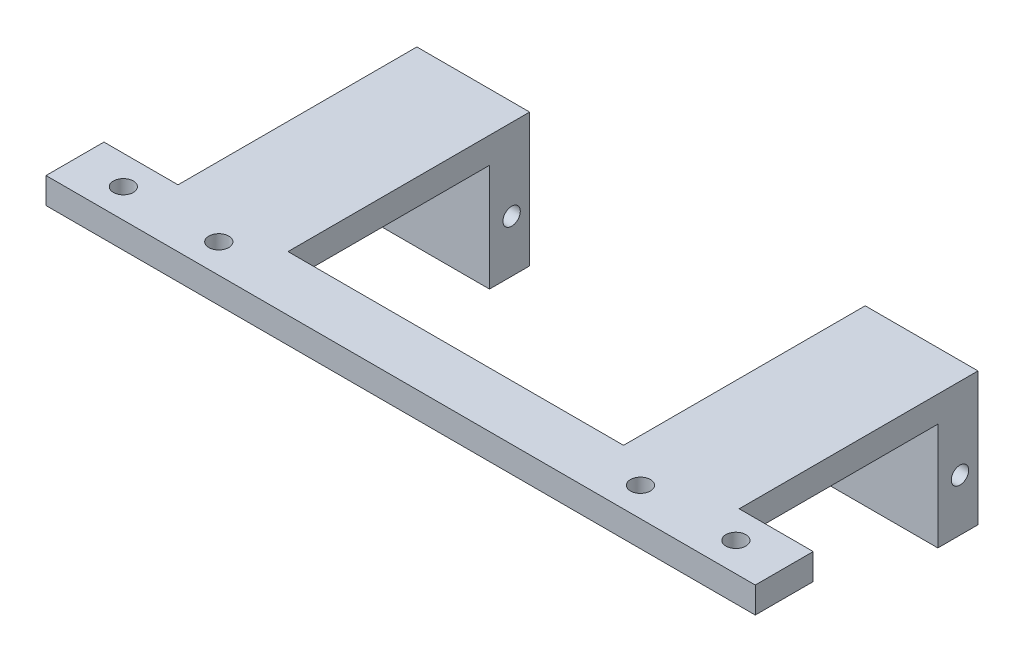
ISO-10303-21;
HEADER;
FILE_DESCRIPTION(('STEP AP214'),'2;1');
FILE_NAME('part.step','',(''),(''),'','','');
FILE_SCHEMA(('AUTOMOTIVE_DESIGN { 1 0 10303 214 1 1 1 1 }'));
ENDSEC;
DATA;
#1=APPLICATION_CONTEXT('core data for automotive mechanical design processes');
#2=APPLICATION_PROTOCOL_DEFINITION('international standard','automotive_design',2000,#1);
#3=PRODUCT_CONTEXT('',#1,'mechanical');
#4=PRODUCT('Part','Part','',(#3));
#5=PRODUCT_RELATED_PRODUCT_CATEGORY('part','',(#4));
#6=PRODUCT_DEFINITION_FORMATION('','',#4);
#7=PRODUCT_DEFINITION_CONTEXT('part definition',#1,'design');
#8=PRODUCT_DEFINITION('design','',#6,#7);
#9=PRODUCT_DEFINITION_SHAPE('','',#8);
#10=(LENGTH_UNIT() NAMED_UNIT(*) SI_UNIT(.MILLI.,.METRE.));
#11=(NAMED_UNIT(*) PLANE_ANGLE_UNIT() SI_UNIT($,.RADIAN.));
#12=(NAMED_UNIT(*) SI_UNIT($,.STERADIAN.) SOLID_ANGLE_UNIT());
#13=UNCERTAINTY_MEASURE_WITH_UNIT(LENGTH_MEASURE(1.E-05),#10,'distance_accuracy_value','');
#14=(GEOMETRIC_REPRESENTATION_CONTEXT(3) GLOBAL_UNCERTAINTY_ASSIGNED_CONTEXT((#13)) GLOBAL_UNIT_ASSIGNED_CONTEXT((#10,
#11,#12)) REPRESENTATION_CONTEXT('',''));
#15=CARTESIAN_POINT('',(0.,0.,0.));
#16=DIRECTION('',(0.,0.,1.));
#17=DIRECTION('',(1.,0.,0.));
#18=AXIS2_PLACEMENT_3D('',#15,#16,#17);
#19=CARTESIAN_POINT('',(32.5,70.4999984957278,6.27643567267014));
#20=DIRECTION('',(0.,1.,0.));
#21=DIRECTION('',(1.,0.,0.));
#22=AXIS2_PLACEMENT_3D('',#19,#20,#21);
#23=PLANE('',#22);
#24=CARTESIAN_POINT('',(56.8005550509677,70.4999984957278,20.0406324854805));
#25=DIRECTION('',(0.,-1.,0.));
#26=DIRECTION('',(1.,0.,0.));
#27=AXIS2_PLACEMENT_3D('',#24,#25,#26);
#28=CIRCLE('',#27,1.15);
#29=CARTESIAN_POINT('',(57.9505550509677,70.4999984957278,20.0406324854805));
#30=VERTEX_POINT('',#29);
#31=EDGE_CURVE('E11',#30,#30,#28,.T.);
#32=ORIENTED_EDGE('',*,*,#31,.T.);
#33=EDGE_LOOP('',(#32));
#34=FACE_BOUND('',#33,.T.);
#35=CARTESIAN_POINT('',(-2.8005550509677,70.4999984957278,20.0406324854805));
#36=DIRECTION('',(0.,-1.,0.));
#37=DIRECTION('',(1.,0.,0.));
#38=AXIS2_PLACEMENT_3D('',#35,#36,#37);
#39=CIRCLE('',#38,1.15);
#40=CARTESIAN_POINT('',(-1.6505550509677,70.4999984957278,20.0406324854805));
#41=VERTEX_POINT('',#40);
#42=EDGE_CURVE('E23',#41,#41,#39,.T.);
#43=ORIENTED_EDGE('',*,*,#42,.T.);
#44=EDGE_LOOP('',(#43));
#45=FACE_BOUND('',#44,.T.);
#46=CARTESIAN_POINT('',(67.8005550509677,70.4999984957278,20.0406324854805));
#47=DIRECTION('',(0.,-1.,0.));
#48=DIRECTION('',(1.,0.,0.));
#49=AXIS2_PLACEMENT_3D('',#46,#47,#48);
#50=CIRCLE('',#49,1.15);
#51=CARTESIAN_POINT('',(68.9505550509677,70.4999984957278,20.0406324854805));
#52=VERTEX_POINT('',#51);
#53=EDGE_CURVE('E325',#52,#52,#50,.T.);
#54=ORIENTED_EDGE('',*,*,#53,.T.);
#55=EDGE_LOOP('',(#54));
#56=FACE_BOUND('',#55,.T.);
#57=CARTESIAN_POINT('',(8.1994449490323,70.4999984957278,20.0406324854805));
#58=DIRECTION('',(0.,-1.,0.));
#59=DIRECTION('',(1.,0.,0.));
#60=AXIS2_PLACEMENT_3D('',#57,#58,#59);
#61=CIRCLE('',#60,1.15);
#62=CARTESIAN_POINT('',(9.3494449490323,70.4999984957278,20.0406324854805));
#63=VERTEX_POINT('',#62);
#64=EDGE_CURVE('E320',#63,#63,#61,.T.);
#65=ORIENTED_EDGE('',*,*,#64,.T.);
#66=EDGE_LOOP('',(#65));
#67=FACE_BOUND('',#66,.T.);
#68=DIRECTION('',(1.,0.,0.));
#69=VECTOR('',#68,1.);
#70=CARTESIAN_POINT('',(0.161137255349864,70.4999984957278,23.3812649709613));
#71=LINE('',#70,#69);
#72=CARTESIAN_POINT('',(-8.37603999629014,70.4999984957278,23.3812649709613));
#73=VERTEX_POINT('',#72);
#74=CARTESIAN_POINT('',(73.3760399962901,70.4999984957278,23.3812649709613));
#75=VERTEX_POINT('',#74);
#76=EDGE_CURVE('E30',#73,#75,#71,.T.);
#77=ORIENTED_EDGE('',*,*,#76,.T.);
#78=DIRECTION('',(0.,0.,-1.));
#79=VECTOR('',#78,1.);
#80=CARTESIAN_POINT('',(73.3760399962901,70.4999984957278,23.3812649709613));
#81=LINE('',#80,#79);
#82=CARTESIAN_POINT('',(73.3760399962901,70.4999984957278,16.6999999999997));
#83=VERTEX_POINT('',#82);
#84=EDGE_CURVE('E35',#75,#83,#81,.T.);
#85=ORIENTED_EDGE('',*,*,#84,.T.);
#86=DIRECTION('',(-1.,0.,0.));
#87=VECTOR('',#86,1.);
#88=CARTESIAN_POINT('',(32.5,70.4999984957278,16.6999999999997));
#89=LINE('',#88,#87);
#90=CARTESIAN_POINT('',(64.8388627446501,70.4999984957278,16.6999999999997));
#91=VERTEX_POINT('',#90);
#92=EDGE_CURVE('E314',#83,#91,#89,.T.);
#93=ORIENTED_EDGE('',*,*,#92,.T.);
#94=DIRECTION('',(0.,0.,-1.));
#95=VECTOR('',#94,1.);
#96=CARTESIAN_POINT('',(64.8388627446501,70.4999984957278,23.3812649709613));
#97=LINE('',#96,#95);
#98=CARTESIAN_POINT('',(64.8388627446501,70.4999984957278,-10.828393625621));
#99=VERTEX_POINT('',#98);
#100=EDGE_CURVE('E312',#91,#99,#97,.T.);
#101=ORIENTED_EDGE('',*,*,#100,.T.);
#102=DIRECTION('',(-1.,0.,0.));
#103=VECTOR('',#102,1.);
#104=CARTESIAN_POINT('',(32.5,70.4999984957278,-10.828393625621));
#105=LINE('',#104,#103);
#106=CARTESIAN_POINT('',(51.8388627446501,70.4999984957278,-10.828393625621));
#107=VERTEX_POINT('',#106);
#108=EDGE_CURVE('E308',#99,#107,#105,.T.);
#109=ORIENTED_EDGE('',*,*,#108,.T.);
#110=DIRECTION('',(0.,0.,1.));
#111=VECTOR('',#110,1.);
#112=CARTESIAN_POINT('',(51.8388627446501,70.4999984957278,-10.828393625621));
#113=LINE('',#112,#111);
#114=CARTESIAN_POINT('',(51.8388627446501,70.4999984957278,17.0268952281669));
#115=VERTEX_POINT('',#114);
#116=EDGE_CURVE('E304',#107,#115,#113,.T.);
#117=ORIENTED_EDGE('',*,*,#116,.T.);
#118=DIRECTION('',(-1.,0.,0.));
#119=VECTOR('',#118,1.);
#120=CARTESIAN_POINT('',(32.5,70.4999984957278,17.0268952281669));
#121=LINE('',#120,#119);
#122=CARTESIAN_POINT('',(13.1611372553499,70.4999984957278,17.0268952281669));
#123=VERTEX_POINT('',#122);
#124=EDGE_CURVE('E300',#115,#123,#121,.T.);
#125=ORIENTED_EDGE('',*,*,#124,.T.);
#126=DIRECTION('',(0.,0.,-1.));
#127=VECTOR('',#126,1.);
#128=CARTESIAN_POINT('',(13.1611372553499,70.4999984957278,23.3812649709613));
#129=LINE('',#128,#127);
#130=CARTESIAN_POINT('',(13.1611372553499,70.4999984957278,-10.828393625621));
#131=VERTEX_POINT('',#130);
#132=EDGE_CURVE('E296',#123,#131,#129,.T.);
#133=ORIENTED_EDGE('',*,*,#132,.T.);
#134=DIRECTION('',(-1.,0.,0.));
#135=VECTOR('',#134,1.);
#136=CARTESIAN_POINT('',(13.1611372553499,70.4999984957278,-10.828393625621));
#137=LINE('',#136,#135);
#138=CARTESIAN_POINT('',(0.161137255349866,70.4999984957278,-10.828393625621));
#139=VERTEX_POINT('',#138);
#140=EDGE_CURVE('E292',#131,#139,#137,.T.);
#141=ORIENTED_EDGE('',*,*,#140,.T.);
#142=DIRECTION('',(0.,0.,1.));
#143=VECTOR('',#142,1.);
#144=CARTESIAN_POINT('',(0.161137255349864,70.4999984957278,-10.828393625621));
#145=LINE('',#144,#143);
#146=CARTESIAN_POINT('',(0.161137255349866,70.4999984957278,16.6999999999997));
#147=VERTEX_POINT('',#146);
#148=EDGE_CURVE('E288',#139,#147,#145,.T.);
#149=ORIENTED_EDGE('',*,*,#148,.T.);
#150=DIRECTION('',(-1.,0.,0.));
#151=VECTOR('',#150,1.);
#152=CARTESIAN_POINT('',(-8.37603999629014,70.4999984957278,16.6999999999997));
#153=LINE('',#152,#151);
#154=CARTESIAN_POINT('',(-8.37603999629014,70.4999984957278,16.6999999999997));
#155=VERTEX_POINT('',#154);
#156=EDGE_CURVE('E284',#147,#155,#153,.T.);
#157=ORIENTED_EDGE('',*,*,#156,.T.);
#158=DIRECTION('',(0.,0.,1.));
#159=VECTOR('',#158,1.);
#160=CARTESIAN_POINT('',(-8.37603999629014,70.4999984957278,23.3812649709613));
#161=LINE('',#160,#159);
#162=EDGE_CURVE('E147',#155,#73,#161,.T.);
#163=ORIENTED_EDGE('',*,*,#162,.T.);
#164=EDGE_LOOP('',(#77,#85,#93,#101,#109,#117,#125,#133,#141,#149,#157,#163));
#165=FACE_BOUND('',#164,.T.);
#166=ADVANCED_FACE('F16',(#34,#45,#56,#67,#165),#23,.T.);
#167=CARTESIAN_POINT('',(-8.37603999629014,67.4999984957278,23.3812649709613));
#168=DIRECTION('',(0.,0.,1.));
#169=DIRECTION('',(1.,0.,0.));
#170=AXIS2_PLACEMENT_3D('',#167,#168,#169);
#171=PLANE('',#170);
#172=DIRECTION('',(-1.,0.,0.));
#173=VECTOR('',#172,1.);
#174=CARTESIAN_POINT('',(0.161137255349864,67.4999984957278,23.3812649709613));
#175=LINE('',#174,#173);
#176=CARTESIAN_POINT('',(73.3760399962901,67.4999984957278,23.3812649709613));
#177=VERTEX_POINT('',#176);
#178=CARTESIAN_POINT('',(-8.37603999629014,67.4999984957278,23.3812649709613));
#179=VERTEX_POINT('',#178);
#180=EDGE_CURVE('E152',#177,#179,#175,.T.);
#181=ORIENTED_EDGE('',*,*,#180,.F.);
#182=DIRECTION('',(0.,1.,0.));
#183=VECTOR('',#182,1.);
#184=CARTESIAN_POINT('',(73.3760399962901,67.4999984957278,23.3812649709613));
#185=LINE('',#184,#183);
#186=EDGE_CURVE('E274',#177,#75,#185,.T.);
#187=ORIENTED_EDGE('',*,*,#186,.T.);
#188=ORIENTED_EDGE('',*,*,#76,.F.);
#189=DIRECTION('',(0.,1.,0.));
#190=VECTOR('',#189,1.);
#191=CARTESIAN_POINT('',(-8.37603999629014,67.4999984957278,23.3812649709613));
#192=LINE('',#191,#190);
#193=EDGE_CURVE('E270',#179,#73,#192,.T.);
#194=ORIENTED_EDGE('',*,*,#193,.F.);
#195=EDGE_LOOP('',(#181,#187,#188,#194));
#196=FACE_BOUND('',#195,.T.);
#197=ADVANCED_FACE('F351',(#196),#171,.T.);
#198=CARTESIAN_POINT('',(73.3760399962901,67.4999984957278,23.3812649709613));
#199=DIRECTION('',(1.,0.,0.));
#200=DIRECTION('',(0.,0.,-1.));
#201=AXIS2_PLACEMENT_3D('',#198,#199,#200);
#202=PLANE('',#201);
#203=DIRECTION('',(0.,0.,-1.));
#204=VECTOR('',#203,1.);
#205=CARTESIAN_POINT('',(73.3760399962901,67.4999984957278,23.3812649709613));
#206=LINE('',#205,#204);
#207=CARTESIAN_POINT('',(73.3760399962901,67.4999984957278,16.6999999999997));
#208=VERTEX_POINT('',#207);
#209=EDGE_CURVE('E268',#177,#208,#206,.T.);
#210=ORIENTED_EDGE('',*,*,#209,.T.);
#211=DIRECTION('',(0.,1.,0.));
#212=VECTOR('',#211,1.);
#213=CARTESIAN_POINT('',(73.3760399962901,67.4999984957278,16.6999999999997));
#214=LINE('',#213,#212);
#215=EDGE_CURVE('E266',#208,#83,#214,.T.);
#216=ORIENTED_EDGE('',*,*,#215,.T.);
#217=ORIENTED_EDGE('',*,*,#84,.F.);
#218=ORIENTED_EDGE('',*,*,#186,.F.);
#219=EDGE_LOOP('',(#210,#216,#217,#218));
#220=FACE_BOUND('',#219,.T.);
#221=ADVANCED_FACE('F356',(#220),#202,.T.);
#222=CARTESIAN_POINT('',(0.161137255349864,67.4999984957278,16.6999999999997));
#223=DIRECTION('',(0.,0.,-1.));
#224=DIRECTION('',(-1.,0.,0.));
#225=AXIS2_PLACEMENT_3D('',#222,#223,#224);
#226=PLANE('',#225);
#227=DIRECTION('',(-1.,0.,0.));
#228=VECTOR('',#227,1.);
#229=CARTESIAN_POINT('',(0.161137255349864,67.4999984957278,16.6999999999997));
#230=LINE('',#229,#228);
#231=CARTESIAN_POINT('',(64.8388627446501,67.4999984957278,16.6999999999997));
#232=VERTEX_POINT('',#231);
#233=EDGE_CURVE('E264',#208,#232,#230,.T.);
#234=ORIENTED_EDGE('',*,*,#233,.T.);
#235=DIRECTION('',(0.,1.,0.));
#236=VECTOR('',#235,1.);
#237=CARTESIAN_POINT('',(64.8388627446501,67.4999984957278,16.6999999999997));
#238=LINE('',#237,#236);
#239=EDGE_CURVE('E261',#232,#91,#238,.T.);
#240=ORIENTED_EDGE('',*,*,#239,.T.);
#241=ORIENTED_EDGE('',*,*,#92,.F.);
#242=ORIENTED_EDGE('',*,*,#215,.F.);
#243=EDGE_LOOP('',(#234,#240,#241,#242));
#244=FACE_BOUND('',#243,.T.);
#245=ADVANCED_FACE('F363',(#244),#226,.T.);
#246=CARTESIAN_POINT('',(64.8388627446501,67.4999984957278,16.6999999999997));
#247=DIRECTION('',(1.,0.,0.));
#248=DIRECTION('',(0.,0.,-1.));
#249=AXIS2_PLACEMENT_3D('',#246,#247,#248);
#250=PLANE('',#249);
#251=CARTESIAN_POINT('',(64.8388627446501,61.1387157673979,-8.75));
#252=DIRECTION('',(-1.,0.,0.));
#253=DIRECTION('',(0.,1.,0.));
#254=AXIS2_PLACEMENT_3D('',#251,#252,#253);
#255=CIRCLE('',#254,1.);
#256=CARTESIAN_POINT('',(64.8388627446501,62.1387157673979,-8.75));
#257=VERTEX_POINT('',#256);
#258=EDGE_CURVE('E256',#257,#257,#255,.T.);
#259=ORIENTED_EDGE('',*,*,#258,.T.);
#260=EDGE_LOOP('',(#259));
#261=FACE_BOUND('',#260,.T.);
#262=DIRECTION('',(0.,0.,-1.));
#263=VECTOR('',#262,1.);
#264=CARTESIAN_POINT('',(64.8388627446501,67.4999984957278,23.3812649709613));
#265=LINE('',#264,#263);
#266=CARTESIAN_POINT('',(64.8388627446501,67.4999984957278,-6.20000000000025));
#267=VERTEX_POINT('',#266);
#268=EDGE_CURVE('E252',#232,#267,#265,.T.);
#269=ORIENTED_EDGE('',*,*,#268,.T.);
#270=DIRECTION('',(0.,-1.,0.));
#271=VECTOR('',#270,1.);
#272=CARTESIAN_POINT('',(64.8388627446501,67.4999984957278,-6.20000000000025));
#273=LINE('',#272,#271);
#274=CARTESIAN_POINT('',(64.8388627446501,55.1389984957278,-6.20000000000025));
#275=VERTEX_POINT('',#274);
#276=EDGE_CURVE('E248',#267,#275,#273,.T.);
#277=ORIENTED_EDGE('',*,*,#276,.T.);
#278=DIRECTION('',(0.,0.,1.));
#279=VECTOR('',#278,1.);
#280=CARTESIAN_POINT('',(64.8388627446501,55.1389984957278,-6.20000000000025));
#281=LINE('',#280,#279);
#282=CARTESIAN_POINT('',(64.8388627446501,55.1389984957278,-10.828393625621));
#283=VERTEX_POINT('',#282);
#284=EDGE_CURVE('E245',#283,#275,#281,.T.);
#285=ORIENTED_EDGE('',*,*,#284,.F.);
#286=DIRECTION('',(0.,1.,0.));
#287=VECTOR('',#286,1.);
#288=CARTESIAN_POINT('',(64.8388627446501,67.4999984957278,-10.828393625621));
#289=LINE('',#288,#287);
#290=EDGE_CURVE('E242',#283,#99,#289,.T.);
#291=ORIENTED_EDGE('',*,*,#290,.T.);
#292=ORIENTED_EDGE('',*,*,#100,.F.);
#293=ORIENTED_EDGE('',*,*,#239,.F.);
#294=EDGE_LOOP('',(#269,#277,#285,#291,#292,#293));
#295=FACE_BOUND('',#294,.T.);
#296=ADVANCED_FACE('F370',(#261,#295),#250,.T.);
#297=CARTESIAN_POINT('',(13.1611372553499,67.4999984957278,-10.828393625621));
#298=DIRECTION('',(0.,0.,-1.));
#299=DIRECTION('',(-1.,0.,0.));
#300=AXIS2_PLACEMENT_3D('',#297,#298,#299);
#301=PLANE('',#300);
#302=DIRECTION('',(0.,1.,0.));
#303=VECTOR('',#302,1.);
#304=CARTESIAN_POINT('',(51.8388627446501,67.4999984957278,-10.828393625621));
#305=LINE('',#304,#303);
#306=CARTESIAN_POINT('',(51.8388627446502,55.1389984957278,-10.828393625621));
#307=VERTEX_POINT('',#306);
#308=EDGE_CURVE('E239',#307,#107,#305,.T.);
#309=ORIENTED_EDGE('',*,*,#308,.T.);
#310=ORIENTED_EDGE('',*,*,#108,.F.);
#311=ORIENTED_EDGE('',*,*,#290,.F.);
#312=DIRECTION('',(1.,0.,0.));
#313=VECTOR('',#312,1.);
#314=CARTESIAN_POINT('',(58.3388627446502,55.1389984957278,-10.828393625621));
#315=LINE('',#314,#313);
#316=EDGE_CURVE('E236',#307,#283,#315,.T.);
#317=ORIENTED_EDGE('',*,*,#316,.F.);
#318=EDGE_LOOP('',(#309,#310,#311,#317));
#319=FACE_BOUND('',#318,.T.);
#320=ADVANCED_FACE('F373',(#319),#301,.T.);
#321=CARTESIAN_POINT('',(51.8388627446501,67.4999984957278,-10.828393625621));
#322=DIRECTION('',(-1.,0.,0.));
#323=DIRECTION('',(0.,0.,1.));
#324=AXIS2_PLACEMENT_3D('',#321,#322,#323);
#325=PLANE('',#324);
#326=CARTESIAN_POINT('',(51.8388627446501,61.1387157673979,-8.75));
#327=DIRECTION('',(1.,0.,0.));
#328=DIRECTION('',(0.,1.,0.));
#329=AXIS2_PLACEMENT_3D('',#326,#327,#328);
#330=CIRCLE('',#329,1.);
#331=CARTESIAN_POINT('',(51.8388627446501,62.1387157673979,-8.75));
#332=VERTEX_POINT('',#331);
#333=EDGE_CURVE('E231',#332,#332,#330,.T.);
#334=ORIENTED_EDGE('',*,*,#333,.T.);
#335=EDGE_LOOP('',(#334));
#336=FACE_BOUND('',#335,.T.);
#337=DIRECTION('',(0.,0.,1.));
#338=VECTOR('',#337,1.);
#339=CARTESIAN_POINT('',(51.8388627446501,67.4999984957278,-10.828393625621));
#340=LINE('',#339,#338);
#341=CARTESIAN_POINT('',(51.8388627446502,67.4999984957278,-6.20000000000025));
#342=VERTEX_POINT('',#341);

- Directions -
Look through the material above and print exactly the lines from the one containing "#219=EDGE_LOOP('',(#210,#216,#217,#218));" to the one containing "#249=AXIS2_PLACEMENT_3D('',#246,#247,#248);", both included, and nothing more.

- Completed exercise -
#219=EDGE_LOOP('',(#210,#216,#217,#218));
#220=FACE_BOUND('',#219,.T.);
#221=ADVANCED_FACE('F356',(#220),#202,.T.);
#222=CARTESIAN_POINT('',(0.161137255349864,67.4999984957278,16.6999999999997));
#223=DIRECTION('',(0.,0.,-1.));
#224=DIRECTION('',(-1.,0.,0.));
#225=AXIS2_PLACEMENT_3D('',#222,#223,#224);
#226=PLANE('',#225);
#227=DIRECTION('',(-1.,0.,0.));
#228=VECTOR('',#227,1.);
#229=CARTESIAN_POINT('',(0.161137255349864,67.4999984957278,16.6999999999997));
#230=LINE('',#229,#228);
#231=CARTESIAN_POINT('',(64.8388627446501,67.4999984957278,16.6999999999997));
#232=VERTEX_POINT('',#231);
#233=EDGE_CURVE('E264',#208,#232,#230,.T.);
#234=ORIENTED_EDGE('',*,*,#233,.T.);
#235=DIRECTION('',(0.,1.,0.));
#236=VECTOR('',#235,1.);
#237=CARTESIAN_POINT('',(64.8388627446501,67.4999984957278,16.6999999999997));
#238=LINE('',#237,#236);
#239=EDGE_CURVE('E261',#232,#91,#238,.T.);
#240=ORIENTED_EDGE('',*,*,#239,.T.);
#241=ORIENTED_EDGE('',*,*,#92,.F.);
#242=ORIENTED_EDGE('',*,*,#215,.F.);
#243=EDGE_LOOP('',(#234,#240,#241,#242));
#244=FACE_BOUND('',#243,.T.);
#245=ADVANCED_FACE('F363',(#244),#226,.T.);
#246=CARTESIAN_POINT('',(64.8388627446501,67.4999984957278,16.6999999999997));
#247=DIRECTION('',(1.,0.,0.));
#248=DIRECTION('',(0.,0.,-1.));
#249=AXIS2_PLACEMENT_3D('',#246,#247,#248);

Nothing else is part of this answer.